A nearly horizontal cloud with a flat regression line indicates that the new predictor adds little explanatory power once the others are in the model.

15.4 How this connects to PyStatsV1

Collinearity is one of the main reasons why “more predictors” does not always mean “better model.”

In later PyStatsV1 chapters and case studies you will see:

Scripts that compute and report VIFs alongside regression summaries.
Examples where we deliberately drop or combine highly correlated predictors to stabilize coefficients.
Model–comparison workflows that balance good fit, interpretability, and low collinearity.

When you adapt or extend PyStatsV1 code for your own data, you should:

check correlations and VIFs early,
be suspicious of models where small changes in the data flip coefficient signs or dramatically change magnitudes,
prefer smaller, well-behaved models when the goal is explanation.

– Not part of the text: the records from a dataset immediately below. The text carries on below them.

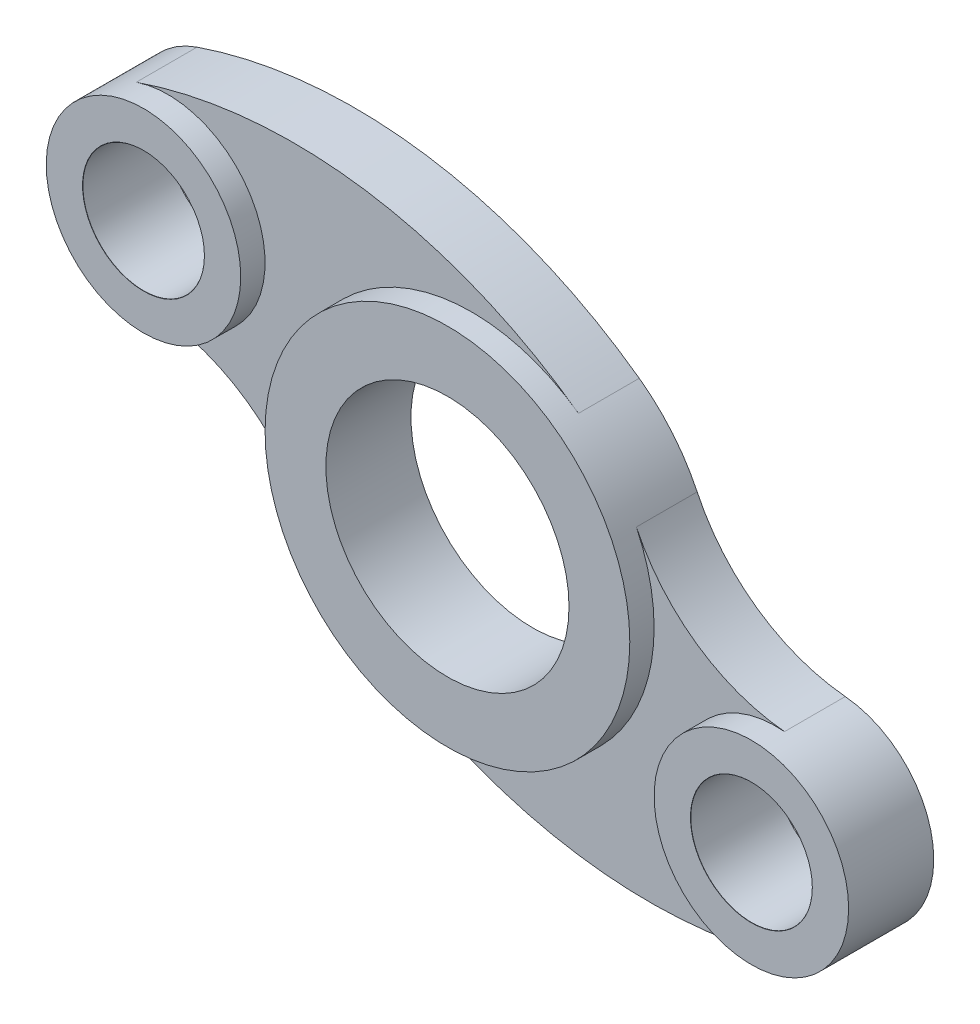
ISO-10303-21;
HEADER;
FILE_DESCRIPTION(('STEP AP214'),'2;1');
FILE_NAME('part.step','',(''),(''),'','','');
FILE_SCHEMA(('AUTOMOTIVE_DESIGN { 1 0 10303 214 1 1 1 1 }'));
ENDSEC;
DATA;
#1=APPLICATION_CONTEXT('core data for automotive mechanical design processes');
#2=APPLICATION_PROTOCOL_DEFINITION('international standard','automotive_design',2000,#1);
#3=PRODUCT_CONTEXT('',#1,'mechanical');
#4=PRODUCT('Part','Part','',(#3));
#5=PRODUCT_RELATED_PRODUCT_CATEGORY('part','',(#4));
#6=PRODUCT_DEFINITION_FORMATION('','',#4);
#7=PRODUCT_DEFINITION_CONTEXT('part definition',#1,'design');
#8=PRODUCT_DEFINITION('design','',#6,#7);
#9=PRODUCT_DEFINITION_SHAPE('','',#8);
#10=(LENGTH_UNIT() NAMED_UNIT(*) SI_UNIT(.MILLI.,.METRE.));
#11=(NAMED_UNIT(*) PLANE_ANGLE_UNIT() SI_UNIT($,.RADIAN.));
#12=(NAMED_UNIT(*) SI_UNIT($,.STERADIAN.) SOLID_ANGLE_UNIT());
#13=UNCERTAINTY_MEASURE_WITH_UNIT(LENGTH_MEASURE(1.E-05),#10,'distance_accuracy_value','');
#14=(GEOMETRIC_REPRESENTATION_CONTEXT(3) GLOBAL_UNCERTAINTY_ASSIGNED_CONTEXT((#13)) GLOBAL_UNIT_ASSIGNED_CONTEXT((#10,
#11,#12)) REPRESENTATION_CONTEXT('',''));
#15=CARTESIAN_POINT('',(0.,0.,0.));
#16=DIRECTION('',(0.,0.,1.));
#17=DIRECTION('',(1.,0.,0.));
#18=AXIS2_PLACEMENT_3D('',#15,#16,#17);
#19=CARTESIAN_POINT('',(-50.,20.,9.));
#20=DIRECTION('',(0.,0.,-1.));
#21=DIRECTION('',(-1.,0.,0.));
#22=AXIS2_PLACEMENT_3D('',#19,#20,#21);
#23=CYLINDRICAL_SURFACE('',#22,16.);
#24=CARTESIAN_POINT('',(-50.,20.,5.));
#25=DIRECTION('',(0.,0.,1.));
#26=DIRECTION('',(1.,0.,0.));
#27=AXIS2_PLACEMENT_3D('',#24,#25,#26);
#28=CIRCLE('',#27,16.);
#29=CARTESIAN_POINT('',(-51.4485016846459,4.06570231012431,5.));
#30=VERTEX_POINT('',#29);
#31=CARTESIAN_POINT('',(-55.1854307053229,35.1364232366929,5.));
#32=VERTEX_POINT('',#31);
#33=EDGE_CURVE('E60',#30,#32,#28,.T.);
#34=ORIENTED_EDGE('',*,*,#33,.T.);
#35=DIRECTION('',(0.,0.,-1.));
#36=VECTOR('',#35,1.);
#37=CARTESIAN_POINT('',(-55.1854307053229,35.1364232366928,5.));
#38=LINE('',#37,#36);
#39=CARTESIAN_POINT('',(-55.1854307053229,35.1364232366928,-5.));
#40=VERTEX_POINT('',#39);
#41=EDGE_CURVE('E195',#32,#40,#38,.T.);
#42=ORIENTED_EDGE('',*,*,#41,.T.);
#43=CARTESIAN_POINT('',(-50.,20.,-5.));
#44=DIRECTION('',(0.,0.,1.));
#45=DIRECTION('',(1.,0.,0.));
#46=AXIS2_PLACEMENT_3D('',#43,#44,#45);
#47=CIRCLE('',#46,16.);
#48=CARTESIAN_POINT('',(-51.4485016846459,4.06570231012431,-5.));
#49=VERTEX_POINT('',#48);
#50=EDGE_CURVE('E48',#40,#49,#47,.T.);
#51=ORIENTED_EDGE('',*,*,#50,.T.);
#52=DIRECTION('',(0.,0.,-1.));
#53=VECTOR('',#52,1.);
#54=CARTESIAN_POINT('',(-51.4485016846459,4.06570231012431,5.));
#55=LINE('',#54,#53);
#56=EDGE_CURVE('E65',#30,#49,#55,.T.);
#57=ORIENTED_EDGE('',*,*,#56,.F.);
#58=EDGE_LOOP('',(#34,#42,#51,#57));
#59=FACE_BOUND('',#58,.T.);
#60=CARTESIAN_POINT('',(-50.,20.,9.));
#61=DIRECTION('',(0.,0.,1.));
#62=DIRECTION('',(1.,0.,0.));
#63=AXIS2_PLACEMENT_3D('',#60,#61,#62);
#64=CIRCLE('',#63,16.);
#65=CARTESIAN_POINT('',(-34.,20.,9.));
#66=VERTEX_POINT('',#65);
#67=EDGE_CURVE('E11',#66,#66,#64,.T.);
#68=ORIENTED_EDGE('',*,*,#67,.F.);
#69=EDGE_LOOP('',(#68));
#70=FACE_BOUND('',#69,.T.);
#71=ADVANCED_FACE('F45',(#59,#70),#23,.T.);
#72=CARTESIAN_POINT('',(-50.,20.,9.));
#73=DIRECTION('',(0.,0.,1.));
#74=DIRECTION('',(1.,0.,0.));
#75=AXIS2_PLACEMENT_3D('',#72,#73,#74);
#76=PLANE('',#75);
#77=CARTESIAN_POINT('',(-50.,20.,9.));
#78=DIRECTION('',(0.,0.,1.));
#79=DIRECTION('',(1.,0.,0.));
#80=AXIS2_PLACEMENT_3D('',#77,#78,#79);
#81=CIRCLE('',#80,10.025);
#82=CARTESIAN_POINT('',(-39.975,20.,9.));
#83=VERTEX_POINT('',#82);
#84=EDGE_CURVE('E450',#83,#83,#81,.T.);
#85=ORIENTED_EDGE('',*,*,#84,.F.);
#86=EDGE_LOOP('',(#85));
#87=FACE_BOUND('',#86,.T.);
#88=ORIENTED_EDGE('',*,*,#67,.T.);
#89=EDGE_LOOP('',(#88));
#90=FACE_BOUND('',#89,.T.);
#91=ADVANCED_FACE('F238',(#87,#90),#76,.T.);
#92=CARTESIAN_POINT('',(-50.,20.,-5.));
#93=DIRECTION('',(0.,0.,1.));
#94=DIRECTION('',(1.,0.,0.));
#95=AXIS2_PLACEMENT_3D('',#92,#93,#94);
#96=PLANE('',#95);
#97=CARTESIAN_POINT('',(0.,0.,-5.));
#98=DIRECTION('',(0.,0.,1.));
#99=DIRECTION('',(1.,0.,0.));
#100=AXIS2_PLACEMENT_3D('',#97,#98,#99);
#101=CIRCLE('',#100,20.);
#102=CARTESIAN_POINT('',(20.,0.,-5.));
#103=VERTEX_POINT('',#102);
#104=EDGE_CURVE('E443',#103,#103,#101,.T.);
#105=ORIENTED_EDGE('',*,*,#104,.T.);
#106=EDGE_LOOP('',(#105));
#107=FACE_BOUND('',#106,.T.);
#108=CARTESIAN_POINT('',(-50.,20.,-5.));
#109=DIRECTION('',(0.,0.,1.));
#110=DIRECTION('',(1.,0.,0.));
#111=AXIS2_PLACEMENT_3D('',#108,#109,#110);
#112=CIRCLE('',#111,10.);
#113=CARTESIAN_POINT('',(-40.,20.,-5.));
#114=VERTEX_POINT('',#113);
#115=EDGE_CURVE('E460',#114,#114,#112,.T.);
#116=ORIENTED_EDGE('',*,*,#115,.T.);
#117=EDGE_LOOP('',(#116));
#118=FACE_BOUND('',#117,.T.);
#119=CARTESIAN_POINT('',(50.,-20.,-5.));
#120=DIRECTION('',(0.,0.,1.));
#121=DIRECTION('',(1.,0.,0.));
#122=AXIS2_PLACEMENT_3D('',#119,#120,#121);
#123=CIRCLE('',#122,10.);
#124=CARTESIAN_POINT('',(60.,-20.,-5.));
#125=VERTEX_POINT('',#124);
#126=EDGE_CURVE('E210',#125,#125,#123,.T.);
#127=ORIENTED_EDGE('',*,*,#126,.T.);
#128=EDGE_LOOP('',(#127));
#129=FACE_BOUND('',#128,.T.);
#130=ORIENTED_EDGE('',*,*,#50,.F.);
#131=CARTESIAN_POINT('',(-29.2582771787086,-40.5456929467713,-5.));
#132=DIRECTION('',(0.,0.,1.));
#133=DIRECTION('',(1.,0.,0.));
#134=AXIS2_PLACEMENT_3D('',#131,#132,#133);
#135=CIRCLE('',#134,80.);
#136=CARTESIAN_POINT('',(17.5549663072251,24.3274157680628,-5.));
#137=VERTEX_POINT('',#136);
#138=EDGE_CURVE('E164',#40,#137,#135,.F.);
#139=ORIENTED_EDGE('',*,*,#138,.T.);
#140=CARTESIAN_POINT('',(0.,0.,-5.));
#141=DIRECTION('',(0.,0.,1.));
#142=DIRECTION('',(1.,0.,0.));
#143=AXIS2_PLACEMENT_3D('',#140,#141,#142);
#144=CIRCLE('',#143,30.);
#145=CARTESIAN_POINT('',(27.0822211716785,12.9055529291963,-5.));
#146=VERTEX_POINT('',#145);
#147=EDGE_CURVE('E209',#146,#137,#144,.T.);
#148=ORIENTED_EDGE('',*,*,#147,.F.);
#149=CARTESIAN_POINT('',(54.164442343357,25.8111058583927,-5.));
#150=DIRECTION('',(0.,0.,1.));
#151=DIRECTION('',(1.,0.,0.));
#152=AXIS2_PLACEMENT_3D('',#149,#150,#151);
#153=CIRCLE('',#152,30.);
#154=CARTESIAN_POINT('',(51.4485016846459,-4.06570231012428,-5.));
#155=VERTEX_POINT('',#154);
#156=EDGE_CURVE('E117',#155,#146,#153,.F.);
#157=ORIENTED_EDGE('',*,*,#156,.F.);
#158=CARTESIAN_POINT('',(50.,-20.,-5.));
#159=DIRECTION('',(0.,0.,1.));
#160=DIRECTION('',(1.,0.,0.));
#161=AXIS2_PLACEMENT_3D('',#158,#159,#160);
#162=CIRCLE('',#161,16.);
#163=CARTESIAN_POINT('',(55.1854307053229,-35.1364232366928,-5.));
#164=VERTEX_POINT('',#163);
#165=EDGE_CURVE('E159',#164,#155,#162,.T.);
#166=ORIENTED_EDGE('',*,*,#165,.F.);
#167=CARTESIAN_POINT('',(29.2582771787085,40.5456929467714,-5.));
#168=DIRECTION('',(0.,0.,1.));
#169=DIRECTION('',(1.,0.,0.));
#170=AXIS2_PLACEMENT_3D('',#167,#168,#169);
#171=CIRCLE('',#170,80.);
#172=CARTESIAN_POINT('',(-17.5549663072251,-24.3274157680628,-5.));
#173=VERTEX_POINT('',#172);
#174=EDGE_CURVE('E145',#164,#173,#171,.F.);
#175=ORIENTED_EDGE('',*,*,#174,.T.);
#176=CARTESIAN_POINT('',(-27.0822211716785,-12.9055529291963,-5.));
#177=VERTEX_POINT('',#176);
#178=EDGE_CURVE('E206',#177,#173,#144,.T.);
#179=ORIENTED_EDGE('',*,*,#178,.F.);
#180=CARTESIAN_POINT('',(-54.164442343357,-25.8111058583926,-5.));
#181=DIRECTION('',(0.,0.,1.));
#182=DIRECTION('',(1.,0.,0.));
#183=AXIS2_PLACEMENT_3D('',#180,#181,#182);
#184=CIRCLE('',#183,30.);
#185=EDGE_CURVE('E170',#49,#177,#184,.F.);
#186=ORIENTED_EDGE('',*,*,#185,.F.);
#187=EDGE_LOOP('',(#130,#139,#148,#157,#166,#175,#179,#186));
#188=FACE_BOUND('',#187,.T.);
#189=ADVANCED_FACE('F205',(#107,#118,#129,#188),#96,.F.);
#190=CARTESIAN_POINT('',(-29.2582771787086,-40.5456929467713,5.));
#191=DIRECTION('',(0.,0.,-1.));
#192=DIRECTION('',(-1.,0.,0.));
#193=AXIS2_PLACEMENT_3D('',#190,#191,#192);
#194=CYLINDRICAL_SURFACE('',#193,80.);
#195=ORIENTED_EDGE('',*,*,#138,.F.);
#196=ORIENTED_EDGE('',*,*,#41,.F.);
#197=CARTESIAN_POINT('',(-29.2582771787086,-40.5456929467713,5.));
#198=DIRECTION('',(0.,0.,1.));
#199=DIRECTION('',(1.,0.,0.));
#200=AXIS2_PLACEMENT_3D('',#197,#198,#199);
#201=CIRCLE('',#200,80.);
#202=CARTESIAN_POINT('',(17.5549663072251,24.3274157680628,5.));
#203=VERTEX_POINT('',#202);
#204=EDGE_CURVE('E167',#32,#203,#201,.F.);
#205=ORIENTED_EDGE('',*,*,#204,.T.);
#206=DIRECTION('',(0.,0.,-1.));
#207=VECTOR('',#206,1.);
#208=CARTESIAN_POINT('',(17.5549663072251,24.3274157680628,5.));
#209=LINE('',#208,#207);
#210=EDGE_CURVE('E181',#203,#137,#209,.T.);
#211=ORIENTED_EDGE('',*,*,#210,.T.);
#212=EDGE_LOOP('',(#195,#196,#205,#211));
#213=FACE_BOUND('',#212,.T.);
#214=ADVANCED_FACE('F247',(#213),#194,.T.);
#215=CARTESIAN_POINT('',(-54.164442343357,-25.8111058583926,5.));
#216=DIRECTION('',(0.,0.,-1.));
#217=DIRECTION('',(-1.,0.,0.));
#218=AXIS2_PLACEMENT_3D('',#215,#216,#217);
#219=CYLINDRICAL_SURFACE('',#218,30.);
#220=ORIENTED_EDGE('',*,*,#185,.T.);
#221=DIRECTION('',(0.,0.,-1.));
#222=VECTOR('',#221,1.);
#223=CARTESIAN_POINT('',(-27.0822211716785,-12.9055529291963,5.));
#224=LINE('',#223,#222);
#225=CARTESIAN_POINT('',(-27.0822211716785,-12.9055529291963,5.));
#226=VERTEX_POINT('',#225);
#227=EDGE_CURVE('E189',#226,#177,#224,.T.);
#228=ORIENTED_EDGE('',*,*,#227,.F.);
#229=CARTESIAN_POINT('',(-54.164442343357,-25.8111058583926,5.));
#230=DIRECTION('',(0.,0.,1.));
#231=DIRECTION('',(1.,0.,0.));
#232=AXIS2_PLACEMENT_3D('',#229,#230,#231);
#233=CIRCLE('',#232,30.);
#234=EDGE_CURVE('E173',#30,#226,#233,.F.);
#235=ORIENTED_EDGE('',*,*,#234,.F.);
#236=ORIENTED_EDGE('',*,*,#56,.T.);
#237=EDGE_LOOP('',(#220,#228,#235,#236));
#238=FACE_BOUND('',#237,.T.);
#239=ADVANCED_FACE('F203',(#238),#219,.F.);
#240=CARTESIAN_POINT('',(0.,0.,5.));
#241=DIRECTION('',(0.,0.,1.));
#242=DIRECTION('',(1.,0.,0.));
#243=AXIS2_PLACEMENT_3D('',#240,#241,#242);
#244=PLANE('',#243);
#245=ORIENTED_EDGE('',*,*,#204,.F.);
#246=ORIENTED_EDGE('',*,*,#33,.F.);
#247=ORIENTED_EDGE('',*,*,#234,.T.);
#248=CARTESIAN_POINT('',(0.,0.,5.));
#249=DIRECTION('',(0.,0.,1.));
#250=DIRECTION('',(1.,0.,0.));
#251=AXIS2_PLACEMENT_3D('',#248,#249,#250);
#252=CIRCLE('',#251,30.);
#253=EDGE_CURVE('E177',#203,#226,#252,.T.);
#254=ORIENTED_EDGE('',*,*,#253,.F.);
#255=EDGE_LOOP('',(#245,#246,#247,#254));
#256=FACE_BOUND('',#255,.T.);
#257=ADVANCED_FACE('F257',(#256),#244,.T.);
#258=CARTESIAN_POINT('',(50.,-20.,9.));
#259=DIRECTION('',(0.,0.,-1.));
#260=DIRECTION('',(-1.,0.,0.));
#261=AXIS2_PLACEMENT_3D('',#258,#259,#260);
#262=CYLINDRICAL_SURFACE('',#261,16.);
#263=CARTESIAN_POINT('',(50.,-20.,5.));
#264=DIRECTION('',(0.,0.,1.));
#265=DIRECTION('',(1.,0.,0.));
#266=AXIS2_PLACEMENT_3D('',#263,#264,#265);
#267=CIRCLE('',#266,16.);
#268=CARTESIAN_POINT('',(51.4485016846459,-4.06570231012429,5.));
#269=VERTEX_POINT('',#268);
#270=CARTESIAN_POINT('',(55.1854307053229,-35.1364232366928,5.));
#271=VERTEX_POINT('',#270);
#272=EDGE_CURVE('E132',#269,#271,#267,.T.);
#273=ORIENTED_EDGE('',*,*,#272,.T.);
#274=DIRECTION('',(0.,0.,-1.));
#275=VECTOR('',#274,1.);
#276=CARTESIAN_POINT('',(55.1854307053229,-35.1364232366928,5.));
#277=LINE('',#276,#275);
#278=EDGE_CURVE('E155',#271,#164,#277,.T.);
#279=ORIENTED_EDGE('',*,*,#278,.T.);
#280=ORIENTED_EDGE('',*,*,#165,.T.);
#281=DIRECTION('',(0.,0.,-1.));
#282=VECTOR('',#281,1.);
#283=CARTESIAN_POINT('',(51.4485016846459,-4.06570231012428,5.));
#284=LINE('',#283,#282);
#285=EDGE_CURVE('E123',#269,#155,#284,.T.);
#286=ORIENTED_EDGE('',*,*,#285,.F.);
#287=EDGE_LOOP('',(#273,#279,#280,#286));
#288=FACE_BOUND('',#287,.T.);
#289=CARTESIAN_POINT('',(50.,-20.,9.));
#290=DIRECTION('',(0.,0.,1.));
#291=DIRECTION('',(1.,0.,0.));
#292=AXIS2_PLACEMENT_3D('',#289,#290,#291);
#293=CIRCLE('',#292,16.);
#294=CARTESIAN_POINT('',(66.,-20.,9.));
#295=VERTEX_POINT('',#294);
#296=EDGE_CURVE('E160',#295,#295,#293,.T.);
#297=ORIENTED_EDGE('',*,*,#296,.F.);
#298=EDGE_LOOP('',(#297));
#299=FACE_BOUND('',#298,.T.);
#300=ADVANCED_FACE('F223',(#288,#299),#262,.T.);
#301=CARTESIAN_POINT('',(50.,-20.,9.));
#302=DIRECTION('',(0.,0.,1.));
#303=DIRECTION('',(1.,0.,0.));
#304=AXIS2_PLACEMENT_3D('',#301,#302,#303);
#305=PLANE('',#304);
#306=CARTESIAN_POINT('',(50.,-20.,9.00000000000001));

15.5 What you should take away

Exact collinearity means some predictor is an exact linear combination of others. The design matrix is singular, the coefficients are not uniquely defined, but predictions can still be fine.
High collinearity (multicollinearity) occurs when predictors are highly correlated. It inflates standard errors and makes coefficients unstable and hard to interpret.
The variance inflation factor (VIF) quantifies how much collinearity inflates the variance of \(\hat\beta_j\). VIFs above 5–10 are often used as warning flags.
Collinearity can severely damage our ability to explain relationships, while having relatively little impact on prediction error.
Tools such as partial correlation and added–variable plots help decide whether a new predictor is worth adding to a model that already has several correlated variables.
When in doubt, prefer simpler models with reasonably low collinearity, especially when the goal is to communicate and interpret effects.